Trials / Completed
CompletedNCT02698982
Optimized Anesthesia to Reduce Postoperative Cognitive Impairment in the Elderly
Impact of Tight Intraoperative Blood Pressure and Depth of Anesthesia Control on the Incidence of Postoperative Cognitive Impairment in Elderly Patients
- Status
- Completed
- Phase
- N/A
- Study type
- Interventional
- Enrollment
- 41 (actual)
- Sponsor
- Erasme University Hospital · Academic / Other
- Sex
- All
- Age
- 70 Years
- Healthy volunteers
- Accepted
Summary
The aim of this study is to demonstrate that in elderly and frail patients, a narrower control of intraoperative blood pressure (BP) by the use of a continuous and noninvasive BP monitoring, coupled with an adequate depth of anesthesia, will reduce the incidence of postoperative cognitive impairment and the hospital length of stay.
Detailed description
Postoperative cognitive impairment (delirium and cognitive dysfunction) are frequent and feared complications in the elderly; they increase the postoperative morbidity and mortality, worsen the cognitive and functional outcome with loss of independence and increase the hospitalization length and costs . However, the etiology of these postoperative cognitive impairment, although probably multifactorial, remains unclear and strongly debated.
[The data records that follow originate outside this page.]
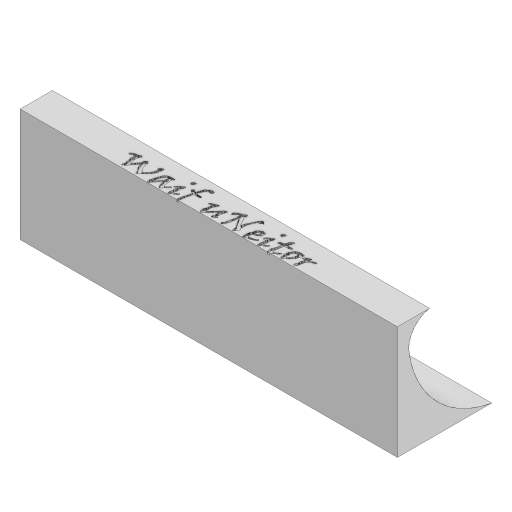
# Autodesk Inventor part: aaaaaa
Saved by Autodesk Inventor 2024.3 (Build 283343000, 343)
## iProperties
Created: 2025-09-24
Part Number: aaaaaa
Material: Generic
Document SubType Name: Modeling
Designer: danie
Density: 1 g/cm^3
Appearance: Default
Author: danie
Autodesk Inventor part; units mm, degrees
(part 1 of 3)
ref_plane "YZ Plane" through (0, 0, 0) normal (1, 0, 0) x (0, 1, 0)
ref_plane "XZ Plane" through (0, 0, 0) normal (0, 1, 0) x (-1, 0, 0)
ref_plane "XY Plane" through (0, 0, 0) normal (0, 0, 1) x (1, 0, 0)
sketch "Sketch1" plane through (0, 0, 0) normal (0, 1, 0) x (-1, 0, 0)
  line L0 (0, 0) -> (200, 0)
  line L1 (200, 0) -> (200, -50)
  line L2 (200, -50) -> (0, -50)
  line L3 (0, -50) -> (0, 0)
  dimension "d0" = 200
  dimension "d1" = 50
  constraints: 8 end point, 2 parallel, 1 horizontal, 1 perpendicular
  measures "d0" distance of L1.end L2.end
  measures "d1" distance of L0.end L1.end
extrude "Extrusion1" add sketch "Sketch1" along normal blind 60
sketch "Sketch2" plane through (0, 0, 0) normal (1, 0, 0) x (0, 0, -1)
  line L0 (0, 0) -> (10, 0)
  line L1 (50, 0) -> (0, 0) projected
  line L2 (10, 0) -> (10, 42.4907)
  line L3 (50, 60) -> (0, 60) projected
  line L4 (0, 60) -> (10, 60)
  line L5 (0, 60) -> (0, 0)
  line L6 (50, 0) -> (50, 60) projected
  line L7 (50, 0) -> (10, 0)
  line L8 (10, 36.0626) -> (10, 0)
  line L9 (50, 0) -> (10, 0)
  line L10 (10, 0) -> (10, 60)
  line L11 (50, 0) -> (5.9553, 46.7873)
  line L12 (5.9553, 46.7873) -> (5.9553, 0)
  line L13 (5.9553, 0) -> (5.9553, 60)
  arc A0 (5.9553, 46.7873) -> (50, 0) centre (58.9478, 52.5484) ccw
  arc A1 (21.7431, 60) -> (5.9553, 46.7873) centre (19.3779, 46.7873) ccw
  line L14 (10, 60) -> (50, 60)
  line L15 (50, 60) -> (50, 0)
  point P0 (17.0127, 60)
  dimension "d4" = 10
  constraints: 26 end point, 7 collinear, 7 point on line, 4 point on circle, 3 perpendicular, 2 centre point, 1 tangent
  measures "d4" distance of L0.start L0.end
extrude "Extrusion2" cut sketch "Sketch2" against normal blind 205.75 contours A1 L10 L11 | L11 L2 A0 | L11 L10 A1 L3 L6 | A0 L2 L11
sketch "Sketch3" plane through (0, 60, 0) normal (0, 1, 0) x (1, 0, 0)
  line L0 (-151.1336, 0) -> (-72.8185, 0)
  line L1 (-200, 0) -> (0, 0) projected
  line L2 (-151.1336, 0) -> (-151.1336, 4.8193)
  line L3 (-151.1336, 1.3121) -> (-68.8391, 1.3121)
  spline S0 degree 2 poles (-146.2846, 10.7529) (-145.9785, 10.6182) (-145.8927, 10.508) knots 0 0 0 1 1 1
  line L4 (-145.8927, 10.508) -> (-145.8683, 10.2753)
  line L5 (-145.8683, 10.2753) -> (-145.5376, 10.2019)
  spline S1 degree 2 poles (-145.5376, 10.2019) (-145.5989, 10.1284) (-146.0029, 9.81) knots 0 0 0 1 1 1
  line L6 (-146.0029, 9.81) -> (-146.1499, 9.4549)
  line L7 (-146.1499, 9.4549) -> (-146.1499, 9.259)
  line L8 (-146.1499, 9.259) -> (-146.1009, 9.1121)
  line L9 (-146.1009, 9.1121) -> (-146.3458, 8.6468)
  line L10 (-146.3458, 8.6468) -> (-146.3213, 8.1447)
  line L11 (-146.3213, 8.1447) -> (-146.4193, 7.8998)
  line L12 (-146.4193, 7.8998) -> (-146.5295, 7.2019)
  line L13 (-146.5295, 7.2019) -> (-146.4193, 6.9815)
  line L14 (-146.4193, 6.9815) -> (-146.456, 6.7121)
  line L15 (-146.456, 6.7121) -> (-146.4193, 6.6386)
  line L16 (-146.4193, 6.6386) -> (-146.5295, 6.5651)
  line L17 (-146.5295, 6.5651) -> (-146.1744, 5.2549)
  line L18 (-146.1744, 5.2549) -> (-146.2601, 5.1937)
  line L19 (-146.2601, 5.1937) -> (-145.758, 4.3121)
  line L20 (-145.758, 4.3121) -> (-145.5376, 4.4223)
  line L21 (-145.5376, 4.4223) -> (-145.5131, 4.557)
  spline S2 degree 2 poles (-145.5131, 4.557) (-145.5131, 4.6182) (-145.3662, 4.8141) (-145.1213, 5.01) knots 0 0 0 1 2 2 2
  spline S3 degree 2 poles (-145.1213, 5.01) (-145.1213, 5.0835) (-144.9009, 5.4019) knots 0 0 0 1 1 1
  line L22 (-144.9009, 5.4019) -> (-144.8764, 5.3774)
  line L23 (-144.8764, 5.3774) -> (-144.7662, 5.4753)
  line L24 (-144.7662, 5.4753) -> (-144.7295, 5.61)
  line L25 (-144.7295, 5.61) -> (-144.5948, 5.7325)
  line L26 (-144.5948, 5.7325) -> (-144.6193, 5.9651)
  spline S4 degree 2 poles (-144.6193, 5.9651) (-144.5091, 5.9896) (-144.2029, 6.1488) knots 0 0 0 1 1 1
  line L27 (-144.2029, 6.1488) -> (-144.1172, 6.308)
  line L28 (-144.1172, 6.308) -> (-144.056, 6.308)
  spline S5 degree 2 poles (-144.056, 6.308) (-143.9336, 6.5406) (-143.7009, 6.7121) knots 0 0 0 1 1 1
  line L29 (-143.7009, 6.7121) -> (-143.6764, 6.8835)
  spline S6 degree 2 poles (-143.6764, 6.8835) (-143.6029, 6.9447) (-143.3213, 7.3121) knots 0 0 0 1 1 1
  line L30 (-143.3213, 7.3121) -> (-143.3458, 7.3488)
  line L31 (-143.3458, 7.3488) -> (-143.2601, 7.4223)
  line L32 (-143.2601, 7.4223) -> (-143.2601, 7.7039)
  line L33 (-143.2601, 7.7039) -> (-143.1499, 8.059)
  line L34 (-143.1499, 8.059) -> (-143.2846, 8.3406)
  line L35 (-143.2846, 8.3406) -> (-143.2601, 8.6223)
  line L36 (-143.2601, 8.6223) -> (-143.3458, 8.7815)
  spline S7 degree 2 poles (-143.3458, 8.7815) (-143.3336, 8.8427) (-143.1744, 9.0019) knots 0 0 0 1 1 1
  line L37 (-143.1744, 9.0019) -> (-143.0642, 9.0019)
  line L38 (-143.0642, 9.0019) -> (-142.8683, 9.1121)
  line L39 (-142.8683, 9.1121) -> (-142.8683, 9.3202)
  line L40 (-142.8683, 9.3202) -> (-142.6846, 9.4182)
  line L41 (-142.6846, 9.4182) -> (-142.5376, 9.357)
  spline S8 degree 2 poles (-142.5376, 9.357) (-142.4274, 9.5406) (-142.3417, 9.6386) knots 0 0 0 1 1 1
  line L42 (-142.3417, 9.6386) -> (-141.9866, 9.7488)
  line L43 (-141.9866, 9.7488) -> (-141.705, 9.6019)
  line L44 (-141.705, 9.6019) -> (-141.5091, 9.0019)
  line L45 (-141.5091, 9.0019) -> (-141.1295, 8.757)
  line L46 (-141.1295, 8.757) -> (-141.0683, 7.9488)
  line L47 (-141.0683, 7.9488) -> (-141.0315, 7.8019)
  line L48 (-141.0315, 7.8019) -> (-141.0683, 7.6182)
  line L49 (-141.0683, 7.6182) -> (-140.958, 7.5202)
  line L50 (-140.958, 7.5202) -> (-140.8846, 7.0672)
  line L51 (-140.8846, 7.0672) -> (-140.7131, 6.5039)
  line L52 (-140.7131, 6.5039) -> (-140.6764, 6.308)
  line L53 (-140.6764, 6.308) -> (-140.0152, 4.9733)
  line L54 (-140.0152, 4.9733) -> (-139.5866, 4.2386)
  line L55 (-139.5866, 4.2386) -> (-139.2927, 4.1406)
  line L56 (-139.2927, 4.1406) -> (-139.256, 3.7611)
  line L57 (-139.256, 3.7611) -> (-139.0968, 3.6753)
  line L58 (-139.0968, 3.6753) -> (-139.0111, 3.6753)
  line L59 (-139.0111, 3.6753) -> (-138.8397, 3.5039)
  spline S9 degree 2 poles (-138.8397, 3.5039) (-138.7662, 3.4304) (-138.5948, 3.1121) knots 0 0 0 1 1 1
  line L60 (-138.5948, 3.1121) -> (-138.3744, 3.1488)
  line L61 (-138.3744, 3.1488) -> (-138.2764, 3.357)
  line L62 (-138.2764, 3.357) -> (-138.1295, 3.4549)
  line L63 (-138.1295, 3.4549) -> (-138.0315, 3.6019)
  spline S10 degree 2 poles (-138.0315, 3.6019) (-137.9825, 3.6753) (-137.7376, 3.8957) knots 0 0 0 1 1 1
  line L64 (-137.7376, 3.8957) -> (-137.6764, 3.9202)
  line L65 (-137.6764, 3.9202) -> (-137.5172, 4.1284)
  spline S11 degree 2 poles (-137.5172, 4.1284) (-137.4315, 4.2386) (-137.2601, 4.3366) knots 0 0 0 1 1 1
  line L66 (-137.2601, 4.3366) -> (-137.2111, 4.4835)
  line L67 (-137.2111, 4.4835) -> (-137.0029, 4.6672)
  spline S12 degree 2 poles (-137.0029, 4.6672) (-136.8805, 4.9488) (-136.7213, 5.0835) (-136.5376, 5.157) knots 0 0 0 1 2 2 2
  line L68 (-136.5376, 5.157) -> (-136.4764, 5.3284)
  line L69 (-136.4764, 5.3284) -> (-136.4397, 5.3039)
  line L70 (-136.4397, 5.3039) -> (-136.354, 5.6223)
  spline S13 degree 2 poles (-136.354, 5.6223) (-136.3417, 5.6713) (-136.207, 5.8672) knots 0 0 0 1 1 1
  line L71 (-136.207, 5.8672) -> (-136.1213, 5.8672)
  line L72 (-136.1213, 5.8672) -> (-136.0111, 5.9651)
  line L73 (-136.0111, 5.9651) -> (-135.9499, 6.2835)
  line L74 (-135.9499, 6.2835) -> (-135.705, 6.7488)
  line L75 (-135.705, 6.7488) -> (-135.5948, 6.8468)
  line L76 (-135.5948, 6.8468) -> (-135.6683, 6.9447)
  line L77 (-135.6683, 6.9447) -> (-135.5213, 7.2264)
  line L78 (-135.5213, 7.2264) -> (-135.5213, 7.7039)
  line L79 (-135.5213, 7.7039) -> (-135.4601, 7.7039)
  line L80 (-135.4601, 7.7039) -> (-135.3744, 7.8019)
  line L81 (-135.3744, 7.8019) -> (-135.3131, 7.8019)
  line L82 (-135.3131, 7.8019) -> (-135.3744, 8.3406)
  line L83 (-135.3744, 8.3406) -> (-135.4601, 8.757)
  line L84 (-135.4601, 8.757) -> (-135.9866, 8.757)
  line L85 (-135.9866, 8.757) -> (-136.1213, 9.0386)
  line L86 (-136.1213, 9.0386) -> (-136.0111, 9.1733)
  line L87 (-136.0111, 9.1733) -> (-135.9499, 9.3202)
  line L88 (-135.9499, 9.3202) -> (-135.8274, 9.4549)
  spline S14 degree 2 poles (-135.8274, 9.4549) (-135.7662, 9.5284) (-135.705, 9.6998) knots 0 0 0 1 1 1
  line L89 (-135.705, 9.6998) -> (-135.5703, 9.7855)
  line L90 (-135.5703, 9.7855) -> (-135.5703, 9.9202)
  line L91 (-135.5703, 9.9202) -> (-135.3744, 10.0304)
  line L92 (-135.3744, 10.0304) -> (-135.2887, 9.957)
  line L93 (-135.2887, 9.957) -> (-135.2397, 10.2019)
  spline S15 degree 2 poles (-135.2397, 10.2019) (-134.8601, 10.3855) (-134.7499, 10.4835) knots 0 0 0 1 1 1
  line L94 (-134.7499, 10.4835) -> (-134.505, 10.3733)
  line L95 (-134.505, 10.3733) -> (-134.3213, 10.508)
  line L96 (-134.3213, 10.508) -> (-134.2111, 10.508)
  line L97 (-134.2111, 10.508) -> (-134.0642, 10.2386)
  line L98 (-134.0642, 10.2386) -> (-134.1866, 10.0549)
  line L99 (-134.1866, 10.0549) -> (-134.0642, 9.7488)
  line L100 (-134.0642, 9.7488) -> (-134.0642, 8.6468)
  line L101 (-134.0642, 8.6468) -> (-134.1866, 8.5366)
  line L102 (-134.1866, 8.5366) -> (-134.1499, 8.3651)
  line L103 (-134.1499, 8.3651) -> (-134.1866, 8.0835)
  line L104 (-134.1866, 8.0835) -> (-134.2601, 8.059)
  line L105 (-134.2601, 8.059) -> (-134.3948, 7.4468)
  line L106 (-134.3948, 7.4468) -> (-134.5295, 7.2508)
  spline S16 degree 2 poles (-134.5295, 7.2508) (-134.6029, 7.1406) (-134.6274, 7.0549) knots 0 0 0 1 1 1
  line L107 (-134.6274, 7.0549) -> (-134.6764, 6.81)
  line L108 (-134.6764, 6.81) -> (-134.6764, 6.6753)
  line L109 (-134.6764, 6.6753) -> (-134.958, 6.1488)
  line L110 (-134.958, 6.1488) -> (-135.5213, 5.4753)
  line L111 (-135.5213, 5.4753) -> (-135.4846, 5.3774)
  line L112 (-135.4846, 5.3774) -> (-135.7295, 4.9488)
  line L113 (-135.7295, 4.9488) -> (-136.7948, 3.7855)
  line L114 (-136.7948, 3.7855) -> (-136.9295, 3.6998)
  line L115 (-136.9295, 3.6998) -> (-137.1499, 3.4304)
  line L116 (-137.1499, 3.4304) -> (-138.7662, 1.6182)
  line L117 (-138.7662, 1.6182) -> (-139.1948, 1.4468)
  line L118 (-139.1948, 1.4468) -> (-139.3785, 1.3121)
  line L119 (-139.3785, 1.3121) -> (-139.5376, 1.3611)
  line L120 (-139.5376, 1.3611) -> (-139.8193, 1.0304)
  line L121 (-139.8193, 1.0304) -> (-139.954, 1.0917)
  line L122 (-139.954, 1.0917) -> (-140.3213, 2.157)
  line L123 (-140.3213, 2.157) -> (-140.3213, 2.3406)
  line L124 (-140.3213, 2.3406) -> (-140.407, 2.4141)
  spline S17 degree 2 poles (-140.407, 2.4141) (-140.456, 2.4508) (-140.5662, 2.6957) knots 0 0 0 1 1 1
  line L125 (-140.5662, 2.6957) -> (-140.5907, 2.6957)
  line L126 (-140.5907, 2.6957) -> (-141.0927, 3.3202)
  line L127 (-141.0927, 3.3202) -> (-141.0927, 3.5406)
  line L128 (-141.0927, 3.5406) -> (-141.4234, 3.7855)
  spline S18 degree 2 poles (-141.4234, 3.7855) (-141.5825, 3.9447) (-141.7662, 4.0917) knots 0 0 0 1 1 1
  line L129 (-141.7662, 4.0917) -> (-141.8397, 4.459)
  line L130 (-141.8397, 4.459) -> (-142.0111, 4.5937)
  line L131 (-142.0111, 4.5937) -> (-141.9009, 4.7651)
  line L132 (-141.9009, 4.7651) -> (-142.1458, 5.059)
  line L133 (-142.1458, 5.059) -> (-142.6478, 6.3937)
  line L134 (-142.6478, 6.3937) -> (-142.6234, 6.4549)
  line L135 (-142.6234, 6.4549) -> (-142.6478, 6.6753)
  line L136 (-142.6478, 6.6753) -> (-142.9662, 6.6386)
  line L137 (-142.9662, 6.6386) -> (-143.1131, 6.1733)
  line L138 (-143.1131, 6.1733) -> (-143.4193, 5.8917)
  line L139 (-143.4193, 5.8917) -> (-143.3948, 5.8304)
  line L140 (-143.3948, 5.8304) -> (-144.3744, 4.6917)
  line L141 (-144.3744, 4.6917) -> (-145.1825, 3.5039)
  line L142 (-145.1825, 3.5039) -> (-145.256, 3.3325)
  spline S19 degree 2 poles (-145.256, 3.3325) (-145.2927, 3.259) (-145.5131, 3.0386) (-145.6723, 2.9284) knots 0 0 0 1 2 2 2
  line L143 (-145.6723, 2.9284) -> (-145.7213, 2.6957)
  line L144 (-145.7213, 2.6957) -> (-145.9295, 2.5121)
  line L145 (-145.9295, 2.5121) -> (-145.954, 2.3651)
  line L146 (-145.954, 2.3651) -> (-146.1009, 2.3039)
  line L147 (-146.1009, 2.3039) -> (-146.1009, 2.1202)
  line L148 (-146.1009, 2.1202) -> (-146.3948, 1.8386)
  line L149 (-146.3948, 1.8386) -> (-146.8111, 1.8386)
  line L150 (-146.8111, 1.8386) -> (-146.8723, 1.6182)
  line L151 (-146.8723, 1.6182) -> (-147.0927, 1.4835)
  spline S20 degree 2 poles (-147.0927, 1.4835) (-147.2519, 1.2876) (-147.3989, 1.1774) knots 0 0 0 1 1 1
  line L152 (-147.3989, 1.1774) -> (-147.656, 1.3978)
  spline S21 degree 2 poles (-147.656, 1.3978) (-147.6927, 1.4468) (-147.7662, 1.6182) knots 0 0 0 1 1 1
  line L153 (-147.7662, 1.6182) -> (-147.5948, 1.9855)
  spline S22 degree 2 poles (-147.5948, 1.9855) (-147.558, 2.1202) (-147.3989, 2.5121) knots 0 0 0 1 1 1
  line L154 (-147.3989, 2.5121) -> (-147.4846, 2.6957)
  line L155 (-147.4846, 2.6957) -> (-147.4478, 2.7202)
  line L156 (-147.4478, 2.7202) -> (-147.4478, 2.9284)
  line L157 (-147.4478, 2.9284) -> (-147.3744, 3.0019)
  line L158 (-147.3744, 3.0019) -> (-147.4846, 3.3937)
  line L159 (-147.4846, 3.3937) -> (-147.3989, 3.6141)
  line L160 (-147.3989, 3.6141) -> (-147.558, 3.9202)
  line L161 (-147.558, 3.9202) -> (-147.5091, 4.0304)
  line L162 (-147.5091, 4.0304) -> (-147.6193, 4.0917)
  line L163 (-147.6193, 4.0917) -> (-147.6193, 4.3121)
  line L164 (-147.6193, 4.3121) -> (-147.9009, 5.8304)
  line L165 (-147.9009, 5.8304) -> (-147.9009, 6.0753)
  line L166 (-147.9009, 6.0753) -> (-148.2315, 6.5651)
  line L167 (-148.2315, 6.5651) -> (-148.2315, 6.81)
  line L168 (-148.2315, 6.81) -> (-148.0111, 7.2753)
  line L169 (-148.0111, 7.2753) -> (-148.0111, 7.3121)
  line L170 (-148.0111, 7.3121) -> (-148.1213, 7.4223)
  line L171 (-148.1213, 7.4223) -> (-147.9744, 8.1447)
  spline S23 degree 2 poles (-147.9744, 8.1447) (-147.8887, 8.4998) (-147.8397, 8.5855) knots 0 0 0 1 1 1
  line L172 (-147.8397, 8.5855) -> (-148.0356, 9.0386)
  line L173 (-148.0356, 9.0386) -> (-149.0642, 8.8304)
  line L174 (-149.0642, 8.8304) -> (-149.4315, 8.6835)
  line L175 (-149.4315, 8.6835) -> (-149.6274, 8.6835)
  line L176 (-149.6274, 8.6835) -> (-149.8723, 8.5366)
  line L177 (-149.8723, 8.5366) -> (-150.2274, 8.2182)
  line L178 (-150.2274, 8.2182) -> (-150.705, 8.2549)
  line L179 (-150.705, 8.2549) -> (-150.9009, 8.757)
  line L180 (-150.9009, 8.757) -> (-150.7662, 8.7815)
  line L181 (-150.7662, 8.7815) -> (-150.5825, 9.0141)
  spline S24 degree 2 poles (-150.5825, 9.0141) (-150.4846, 9.1366) (-150.3744, 9.1978) (-150.2029, 9.3202) knots 0 0 0 1 2 2 2
  line L182 (-150.2029, 9.3202) -> (-150.0683, 9.3202)
  spline S25 degree 2 poles (-150.0683, 9.3202) (-149.9703, 9.4427) (-149.5662, 9.6386) knots 0 0 0 1 1 1
  line L183 (-149.5662, 9.6386) -> (-149.5295, 9.7488)
  line L184 (-149.5295, 9.7488) -> (-149.1499, 9.7855)
  line L185 (-149.1499, 9.7855) -> (-148.8805, 9.9202)
  line L186 (-148.8805, 9.9202) -> (-148.7091, 9.9202)
  line L187 (-148.7091, 9.9202) -> (-148.6478, 9.8835)
  spline S26 degree 2 poles (-148.6478, 9.8835) (-148.6356, 9.9447) (-148.5131, 10.0304) knots 0 0 0 1 1 1
  line L188 (-148.5131, 10.0304) -> (-148.4274, 9.8345)
  line L189 (-148.4274, 9.8345) -> (-147.8397, 10.0549)
  line L190 (-147.8397, 10.0549) -> (-147.8397, 10.0917)
  line L191 (-147.8397, 10.0917) -> (-147.5948, 10.0549)
  line L192 (-147.5948, 10.0549) -> (-147.4478, 10.0917)
  spline S27 degree 2 poles (-147.4478, 10.0917) (-147.3989, 10.1406) (-147.0927, 10.3733) knots 0 0 0 1 1 1
  line L193 (-147.0927, 10.3733) -> (-146.7866, 10.3366)
  spline S28 degree 2 poles (-146.7866, 10.3366) (-146.7499, 10.4468) (-146.5662, 10.6672) knots 0 0 0 1 1 1
  line L194 (-146.5662, 10.6672) -> (-146.2846, 10.7529)
  spline S29 degree 2 poles (-127.5621, 8.757) (-127.5131, 8.7692) (-127.0234, 8.708) (-126.9621, 8.6345) knots 0 0 0 1 2 2 2
  line L195 (-126.9621, 8.6345) -> (-126.705, 8.6957)
  line L196 (-126.705, 8.6957) -> (-126.558, 8.6835)
  line L197 (-126.558, 8.6835) -> (-126.4478, 8.4753)
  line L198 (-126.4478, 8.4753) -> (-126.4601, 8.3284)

The investigators hypothesize that excessive anesthesia depths associated with intraoperative hypotension may play a critical role in the pathogenesis of cognitive impairment following surgery.
Conditions
Interventions
| Type | Name | Description |
|---|---|---|
| DEVICE | Depth of anesthesia monitoring (BIS, Covidien USA) and Continus non invasive blood pressure monitoring (Clearsight, Edwards LifeScience, USA) | |
| PROCEDURE | moderate risk surgery |
Timeline
- Start date
- 2016-05-01
- Primary completion
- 2017-03-01
- Completion
- 2017-03-01
- First posted
- 2016-03-04
- Last updated
- 2017-12-26
Locations
1 site across 1 country: Belgium
Source: ClinicalTrials.gov record NCT02698982. Inclusion in this directory is not an endorsement.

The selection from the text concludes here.